No 6/24: Does War Enhance or Undermine Other-regarding Preferences and Trust?

Stein T. Holden () and Mesfin Tilahun ()
Additional contact information
Stein T. Holden: Centre for Land Tenure Studies, Norwegian University of Life Sciences, Postal: Centre for Land Tenure Studies, Norwegian University of Life Sciences, P.O. Box 5003, NO-1432 Aas, Norway
Mesfin Tilahun: Centre for Land Tenure Studies, Norwegian University of Life Sciences, Postal: Centre for Land Tenure Studies, Norwegian University of Life Sciences, P.O. Box 5003, NO-1432 Aas, Norway

Abstract: Our study investigates how the devastating 2020-2022 Tigray War has affected the social preferences, reciprocity norms, and trust in a large sample of rural young adults in Tigray, Ethiopia, belonging to rural business groups. We rely on field experimental data with standardized incentivized experiments conducted in 2019 and 2023 to categorize subjects into social preference types.
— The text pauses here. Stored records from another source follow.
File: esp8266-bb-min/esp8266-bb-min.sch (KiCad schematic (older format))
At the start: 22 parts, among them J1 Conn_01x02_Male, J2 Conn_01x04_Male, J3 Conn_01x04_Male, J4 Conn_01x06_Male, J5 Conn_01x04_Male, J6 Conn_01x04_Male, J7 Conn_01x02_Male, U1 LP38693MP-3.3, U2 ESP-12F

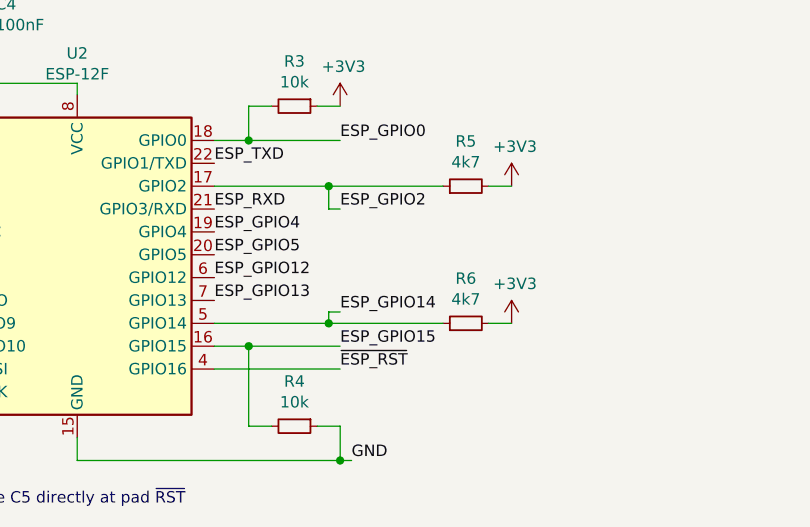
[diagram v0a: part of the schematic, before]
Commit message: sch: added pullups for I2C
Signed-off-by: Dominik Laton <dominik.laton@web.de>
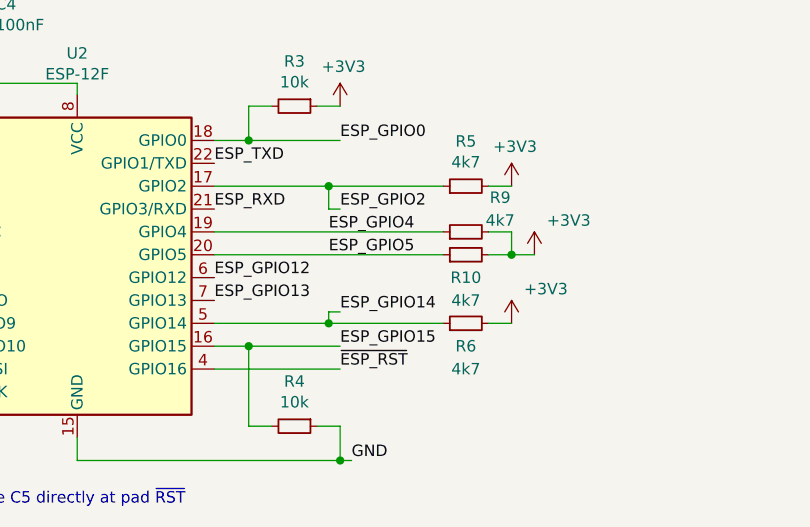
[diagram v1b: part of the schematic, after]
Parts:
- added R10, R9: 4k7, Resistor_SMD:R_0805_2012Metric_Pad1.20x1.40mm_HandSolder, symbol Device:R_Small
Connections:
- net +3V3: now also R10.2, R9.2
- net ESP_GPIO4: now also R9.1
- net ESP_GPIO5: now also R10.1
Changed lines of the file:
@@
 Text Label 6000 4550 0    50   ~ 0
 ESP_GPIO2
-Text Label 5450 4650 0    50   ~ 0
+Text Label 5950 4650 0    50   ~ 0
 ESP_GPIO4
-Text Label 5450 4750 0    50   ~ 0
+Text Label 5950 4750 0    50   ~ 0
 ESP_GPIO5
 Text Label 5450 4850 0    50   ~ 0
@@
 U 1 1 5FA4CD19
 P 6550 5050
-F 0 "R6" V 6746 5050 50  0000 C CNN
-F 1 "4k7" V 6655 5050 50  0000 C CNN
+F 0 "R6" V 6450 5050 50  0000 C CNN
+F 1 "4k7" V 6350 5050 50  0000 C CNN
 F 2 "Resistor_SMD:R_0805_2012Metric_Pad1.20x1.40mm_HandSolder" H 6550 5050 50  0001 C CNN
 F 3 "~" H 6550 5050 50  0001 C CNN
@@
 P 6750 5050
 F 0 "#PWR0106" H 6750 4900 50  0001 C CNN
-F 1 "+3V3" H 6765 5223 50  0000 C CNN
+F 1 "+3V3" H 6900 5200 50  0000 C CNN
 F 2 "" H 6750 5050 50  0001 C CNN
 F 3 "" H 6750 5050 50  0001 C CNN
@@
 Wire Wire Line
 	3000 4650 4250 4650
+Wire Wire Line
+	5450 4650 6450 4650
+Wire Wire Line
+	5450 4750 6450 4750
+$Comp
+L Device:R_Small R9
+U 1 1 5FCD3F71
+P 6550 4650
+F 0 "R9" V 6700 4500 50  0000 C CNN
+F 1 "4k7" V 6600 4500 50  0000 C CNN
+F 2 "Resistor_SMD:R_0805_2012Metric_Pad1.20x1.40mm_HandSolder" H 6550 4650 50  0001 C CNN
+F 3 "~" H 6550 4650 50  0001 C CNN
+	1    6550 4650
+	0    -1   -1   0
+$EndComp
+$Comp
+L Device:R_Small R10
+U 1 1 5FCD43EC
+P 6550 4750
+F 0 "R10" V 6450 4750 50  0000 C CNN
+F 1 "4k7" V 6350 4750 50  0000 C CNN
+F 2 "Resistor_SMD:R_0805_2012Metric_Pad1.20x1.40mm_HandSolder" H 6550 4750 50  0001 C CNN
+F 3 "~" H 6550 4750 50  0001 C CNN
+	1    6550 4750
+	0    -1   -1   0
+$EndComp
+Wire Wire Line
+	6650 4650 6750 4650
+Wire Wire Line
+	6650 4750 6750 4750
+Wire Wire Line
+	6750 4750 6750 4650
+Wire Wire Line
+	6750 4750 6850 4750
+Connection ~ 6750 4750
+$Comp
+L power:+3V3 #PWR012
+U 1 1 5FCEA72A
+P 6850 4750
+F 0 "#PWR012" H 6850 4600 50  0001 C CNN
+F 1 "+3V3" H 7000 4900 50  0000 C CNN
+F 2 "" H 6850 4750 50  0001 C CNN
+F 3 "" H 6850 4750 50  0001 C CNN
+	1    6850 4750
+	1    0    0    -1
+$EndComp
 $EndSCHEMATC

We also identify reciprocity norms, generosity, trustworthiness, and trust in in-group and out-group conditions for a large balanced sample (N=1939). The in-group framing is for subjects belonging to the same business group (N=238 business groups). The out-group is an unknown person from another business group in the same district. Overall, the war in Tigray has resulted in an erosion of within-community social capital. This erosion of social capital includes weakened reciprocity norms, a reduction in the share of the population that behaves altruistically or egalitarian, and a reduction in generosity, trustworthiness, and trust (reduction of 0.6-0.75 Cohen’s d units) that is strongest among those who behaved altruistically or egalitarian before the war. The same and similar effect sizes are also prevalent within business groups, but within business groups, social capital remains high compared to generalized social capital in the study areas. To a small extent, we find that differential exposure to violence or other war incidents among subjects explains the fairly large changes in social capital that our experiments revealed. This may imply that the war spillover effects overshadow the effects of individual war exposure.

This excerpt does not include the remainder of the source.